Source records
□ □ □

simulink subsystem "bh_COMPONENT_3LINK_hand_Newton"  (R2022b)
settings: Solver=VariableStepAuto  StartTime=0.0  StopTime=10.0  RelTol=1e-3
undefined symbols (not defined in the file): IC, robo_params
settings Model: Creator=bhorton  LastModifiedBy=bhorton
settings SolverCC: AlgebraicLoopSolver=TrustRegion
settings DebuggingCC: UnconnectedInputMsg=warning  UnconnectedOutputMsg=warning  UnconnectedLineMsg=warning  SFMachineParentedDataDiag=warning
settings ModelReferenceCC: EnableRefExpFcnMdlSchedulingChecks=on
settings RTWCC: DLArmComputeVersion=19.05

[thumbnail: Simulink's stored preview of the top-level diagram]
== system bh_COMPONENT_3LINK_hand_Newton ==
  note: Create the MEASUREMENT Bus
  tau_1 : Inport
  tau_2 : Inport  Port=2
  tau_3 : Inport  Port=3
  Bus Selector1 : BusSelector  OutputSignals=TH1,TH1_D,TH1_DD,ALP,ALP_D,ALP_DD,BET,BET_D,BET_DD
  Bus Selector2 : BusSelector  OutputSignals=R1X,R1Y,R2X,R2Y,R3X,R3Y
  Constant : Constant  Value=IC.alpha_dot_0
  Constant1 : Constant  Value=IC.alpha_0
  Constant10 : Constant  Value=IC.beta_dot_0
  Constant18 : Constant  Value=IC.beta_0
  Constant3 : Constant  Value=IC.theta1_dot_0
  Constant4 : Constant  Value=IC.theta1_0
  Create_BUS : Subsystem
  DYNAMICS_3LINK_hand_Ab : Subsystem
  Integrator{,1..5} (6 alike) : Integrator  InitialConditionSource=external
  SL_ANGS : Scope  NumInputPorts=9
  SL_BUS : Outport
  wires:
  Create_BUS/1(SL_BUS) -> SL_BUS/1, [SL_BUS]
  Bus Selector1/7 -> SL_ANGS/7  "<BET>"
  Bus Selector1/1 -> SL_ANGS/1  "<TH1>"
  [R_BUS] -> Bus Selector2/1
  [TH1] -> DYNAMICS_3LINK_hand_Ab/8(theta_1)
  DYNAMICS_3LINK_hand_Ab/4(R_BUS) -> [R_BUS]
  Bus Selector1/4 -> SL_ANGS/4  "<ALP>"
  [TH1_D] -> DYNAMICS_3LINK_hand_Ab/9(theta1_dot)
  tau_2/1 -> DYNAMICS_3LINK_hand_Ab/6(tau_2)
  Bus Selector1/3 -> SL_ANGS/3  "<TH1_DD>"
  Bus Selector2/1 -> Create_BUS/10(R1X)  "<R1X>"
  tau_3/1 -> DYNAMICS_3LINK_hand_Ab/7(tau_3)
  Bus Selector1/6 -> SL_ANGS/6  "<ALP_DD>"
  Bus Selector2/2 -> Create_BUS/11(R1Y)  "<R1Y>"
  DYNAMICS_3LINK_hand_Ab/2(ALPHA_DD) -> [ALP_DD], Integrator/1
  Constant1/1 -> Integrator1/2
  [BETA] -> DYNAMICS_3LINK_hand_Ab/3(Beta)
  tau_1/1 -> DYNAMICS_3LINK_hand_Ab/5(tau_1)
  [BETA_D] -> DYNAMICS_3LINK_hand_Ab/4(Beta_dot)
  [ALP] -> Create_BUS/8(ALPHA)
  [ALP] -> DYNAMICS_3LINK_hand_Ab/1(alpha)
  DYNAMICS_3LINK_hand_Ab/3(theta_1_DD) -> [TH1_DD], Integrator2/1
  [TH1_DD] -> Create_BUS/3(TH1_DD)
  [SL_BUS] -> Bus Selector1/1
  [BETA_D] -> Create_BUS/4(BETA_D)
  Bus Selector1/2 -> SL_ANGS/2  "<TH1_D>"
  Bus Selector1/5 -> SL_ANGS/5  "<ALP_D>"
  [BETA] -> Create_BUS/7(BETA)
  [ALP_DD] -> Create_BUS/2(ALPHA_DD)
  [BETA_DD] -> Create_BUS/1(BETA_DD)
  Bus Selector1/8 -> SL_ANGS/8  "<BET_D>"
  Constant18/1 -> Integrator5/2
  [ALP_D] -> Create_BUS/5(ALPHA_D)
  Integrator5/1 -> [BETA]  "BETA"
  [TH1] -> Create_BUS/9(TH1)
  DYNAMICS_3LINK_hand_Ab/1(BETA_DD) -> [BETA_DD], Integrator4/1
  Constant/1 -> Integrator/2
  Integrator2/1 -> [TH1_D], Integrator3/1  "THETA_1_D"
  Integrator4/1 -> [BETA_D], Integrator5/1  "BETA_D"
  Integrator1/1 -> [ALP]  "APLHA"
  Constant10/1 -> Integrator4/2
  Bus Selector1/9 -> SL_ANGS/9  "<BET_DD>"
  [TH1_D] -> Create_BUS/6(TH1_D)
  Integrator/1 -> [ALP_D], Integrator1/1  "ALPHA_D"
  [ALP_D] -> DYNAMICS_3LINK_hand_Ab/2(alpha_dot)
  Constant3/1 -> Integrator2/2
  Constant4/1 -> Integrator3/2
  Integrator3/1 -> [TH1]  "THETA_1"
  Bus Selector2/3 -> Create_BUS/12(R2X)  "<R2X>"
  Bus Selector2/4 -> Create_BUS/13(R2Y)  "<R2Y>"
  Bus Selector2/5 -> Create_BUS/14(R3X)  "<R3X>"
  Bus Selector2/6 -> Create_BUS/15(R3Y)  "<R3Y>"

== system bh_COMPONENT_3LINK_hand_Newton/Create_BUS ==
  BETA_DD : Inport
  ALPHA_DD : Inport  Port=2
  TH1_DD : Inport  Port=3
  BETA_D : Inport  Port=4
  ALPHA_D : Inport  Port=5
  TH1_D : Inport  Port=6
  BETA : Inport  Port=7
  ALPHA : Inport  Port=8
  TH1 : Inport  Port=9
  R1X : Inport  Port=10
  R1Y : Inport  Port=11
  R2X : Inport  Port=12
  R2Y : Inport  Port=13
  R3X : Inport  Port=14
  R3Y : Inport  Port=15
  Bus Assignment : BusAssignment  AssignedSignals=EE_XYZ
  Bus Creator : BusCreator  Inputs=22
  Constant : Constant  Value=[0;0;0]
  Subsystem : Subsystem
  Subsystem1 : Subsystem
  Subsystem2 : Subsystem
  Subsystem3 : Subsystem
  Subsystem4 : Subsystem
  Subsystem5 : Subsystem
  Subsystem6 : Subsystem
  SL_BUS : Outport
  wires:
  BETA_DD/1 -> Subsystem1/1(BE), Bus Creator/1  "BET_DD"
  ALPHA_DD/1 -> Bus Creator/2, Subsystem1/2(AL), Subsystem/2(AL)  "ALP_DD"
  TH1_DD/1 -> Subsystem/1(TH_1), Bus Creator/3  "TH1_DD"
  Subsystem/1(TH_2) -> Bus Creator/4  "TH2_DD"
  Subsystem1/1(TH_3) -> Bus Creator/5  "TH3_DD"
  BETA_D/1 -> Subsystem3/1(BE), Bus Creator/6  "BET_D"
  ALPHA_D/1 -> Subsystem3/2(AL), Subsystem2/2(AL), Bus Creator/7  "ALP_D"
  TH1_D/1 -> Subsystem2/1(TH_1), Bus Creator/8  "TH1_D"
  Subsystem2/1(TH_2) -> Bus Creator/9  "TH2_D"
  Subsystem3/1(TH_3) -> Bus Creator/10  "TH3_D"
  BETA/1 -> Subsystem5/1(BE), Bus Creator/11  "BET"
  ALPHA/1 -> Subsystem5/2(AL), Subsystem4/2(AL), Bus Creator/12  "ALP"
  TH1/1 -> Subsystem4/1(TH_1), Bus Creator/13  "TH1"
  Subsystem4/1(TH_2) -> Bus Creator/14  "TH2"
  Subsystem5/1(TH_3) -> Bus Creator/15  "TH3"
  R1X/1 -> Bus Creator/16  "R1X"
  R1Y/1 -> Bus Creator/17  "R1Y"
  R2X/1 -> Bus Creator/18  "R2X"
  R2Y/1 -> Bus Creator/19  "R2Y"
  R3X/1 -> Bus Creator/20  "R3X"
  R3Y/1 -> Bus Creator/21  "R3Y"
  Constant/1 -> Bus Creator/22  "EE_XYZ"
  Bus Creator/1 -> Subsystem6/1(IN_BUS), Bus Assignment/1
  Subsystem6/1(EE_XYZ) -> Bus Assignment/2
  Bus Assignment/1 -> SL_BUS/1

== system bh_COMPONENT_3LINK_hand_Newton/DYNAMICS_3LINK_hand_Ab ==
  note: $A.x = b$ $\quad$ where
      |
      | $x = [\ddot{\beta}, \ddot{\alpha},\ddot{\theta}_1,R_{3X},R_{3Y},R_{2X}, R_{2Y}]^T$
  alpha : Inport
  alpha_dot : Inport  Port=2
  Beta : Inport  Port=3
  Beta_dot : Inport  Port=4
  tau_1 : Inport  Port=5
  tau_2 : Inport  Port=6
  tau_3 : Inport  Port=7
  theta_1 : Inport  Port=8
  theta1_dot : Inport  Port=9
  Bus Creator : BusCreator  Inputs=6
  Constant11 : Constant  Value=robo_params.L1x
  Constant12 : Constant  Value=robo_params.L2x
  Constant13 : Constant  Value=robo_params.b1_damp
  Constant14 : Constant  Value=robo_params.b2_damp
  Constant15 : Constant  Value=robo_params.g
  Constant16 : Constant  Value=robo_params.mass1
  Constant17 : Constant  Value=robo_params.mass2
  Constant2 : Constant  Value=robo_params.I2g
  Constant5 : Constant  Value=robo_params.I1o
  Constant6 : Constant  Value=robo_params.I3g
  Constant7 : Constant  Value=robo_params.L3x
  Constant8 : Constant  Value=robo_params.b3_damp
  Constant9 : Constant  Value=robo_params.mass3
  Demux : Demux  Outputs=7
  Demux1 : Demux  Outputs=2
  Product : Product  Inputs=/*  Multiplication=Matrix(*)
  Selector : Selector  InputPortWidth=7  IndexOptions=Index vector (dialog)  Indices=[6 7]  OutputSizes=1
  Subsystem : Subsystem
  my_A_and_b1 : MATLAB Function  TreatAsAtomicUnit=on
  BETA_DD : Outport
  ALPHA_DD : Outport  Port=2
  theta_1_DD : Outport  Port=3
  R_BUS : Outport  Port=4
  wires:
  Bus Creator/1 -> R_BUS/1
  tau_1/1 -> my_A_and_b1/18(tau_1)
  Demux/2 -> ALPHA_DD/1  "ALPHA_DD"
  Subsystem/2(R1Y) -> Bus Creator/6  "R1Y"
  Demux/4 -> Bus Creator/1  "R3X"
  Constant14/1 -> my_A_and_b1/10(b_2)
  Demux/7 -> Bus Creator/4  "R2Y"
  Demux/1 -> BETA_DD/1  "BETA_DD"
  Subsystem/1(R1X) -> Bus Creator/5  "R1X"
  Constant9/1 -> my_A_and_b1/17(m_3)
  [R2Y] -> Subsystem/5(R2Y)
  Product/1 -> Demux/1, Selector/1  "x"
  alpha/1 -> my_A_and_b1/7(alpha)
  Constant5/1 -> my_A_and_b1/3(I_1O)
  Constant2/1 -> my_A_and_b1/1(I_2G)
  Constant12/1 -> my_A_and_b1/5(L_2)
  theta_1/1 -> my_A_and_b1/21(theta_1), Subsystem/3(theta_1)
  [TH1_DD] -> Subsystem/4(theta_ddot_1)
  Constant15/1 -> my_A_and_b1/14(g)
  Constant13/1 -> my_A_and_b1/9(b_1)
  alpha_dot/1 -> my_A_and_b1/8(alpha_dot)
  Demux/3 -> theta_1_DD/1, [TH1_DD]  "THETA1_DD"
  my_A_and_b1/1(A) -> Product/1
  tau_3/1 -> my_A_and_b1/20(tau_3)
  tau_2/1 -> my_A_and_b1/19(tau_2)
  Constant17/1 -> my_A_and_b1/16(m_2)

□ □ □

Which lines belong in the answer? Exactly those from the first line of the entries through the line holding "tau_3/1 -> DYNAMICS_3LINK_hand_Ab/7(tau_3)", inclusive, copied unchanged.

simulink subsystem "bh_COMPONENT_3LINK_hand_Newton"  (R2022b)
settings: Solver=VariableStepAuto  StartTime=0.0  StopTime=10.0  RelTol=1e-3
undefined symbols (not defined in the file): IC, robo_params
settings Model: Creator=bhorton  LastModifiedBy=bhorton
settings SolverCC: AlgebraicLoopSolver=TrustRegion
settings DebuggingCC: UnconnectedInputMsg=warning  UnconnectedOutputMsg=warning  UnconnectedLineMsg=warning  SFMachineParentedDataDiag=warning
settings ModelReferenceCC: EnableRefExpFcnMdlSchedulingChecks=on
settings RTWCC: DLArmComputeVersion=19.05

[thumbnail: Simulink's stored preview of the top-level diagram]
== system bh_COMPONENT_3LINK_hand_Newton ==
  note: Create the MEASUREMENT Bus
  tau_1 : Inport
  tau_2 : Inport  Port=2
  tau_3 : Inport  Port=3
  Bus Selector1 : BusSelector  OutputSignals=TH1,TH1_D,TH1_DD,ALP,ALP_D,ALP_DD,BET,BET_D,BET_DD
  Bus Selector2 : BusSelector  OutputSignals=R1X,R1Y,R2X,R2Y,R3X,R3Y
  Constant : Constant  Value=IC.alpha_dot_0
  Constant1 : Constant  Value=IC.alpha_0
  Constant10 : Constant  Value=IC.beta_dot_0
  Constant18 : Constant  Value=IC.beta_0
  Constant3 : Constant  Value=IC.theta1_dot_0
  Constant4 : Constant  Value=IC.theta1_0
  Create_BUS : Subsystem
  DYNAMICS_3LINK_hand_Ab : Subsystem
  Integrator{,1..5} (6 alike) : Integrator  InitialConditionSource=external
  SL_ANGS : Scope  NumInputPorts=9
  SL_BUS : Outport
  wires:
  Create_BUS/1(SL_BUS) -> SL_BUS/1, [SL_BUS]
  Bus Selector1/7 -> SL_ANGS/7  "<BET>"
  Bus Selector1/1 -> SL_ANGS/1  "<TH1>"
  [R_BUS] -> Bus Selector2/1
  [TH1] -> DYNAMICS_3LINK_hand_Ab/8(theta_1)
  DYNAMICS_3LINK_hand_Ab/4(R_BUS) -> [R_BUS]
  Bus Selector1/4 -> SL_ANGS/4  "<ALP>"
  [TH1_D] -> DYNAMICS_3LINK_hand_Ab/9(theta1_dot)
  tau_2/1 -> DYNAMICS_3LINK_hand_Ab/6(tau_2)
  Bus Selector1/3 -> SL_ANGS/3  "<TH1_DD>"
  Bus Selector2/1 -> Create_BUS/10(R1X)  "<R1X>"
  tau_3/1 -> DYNAMICS_3LINK_hand_Ab/7(tau_3)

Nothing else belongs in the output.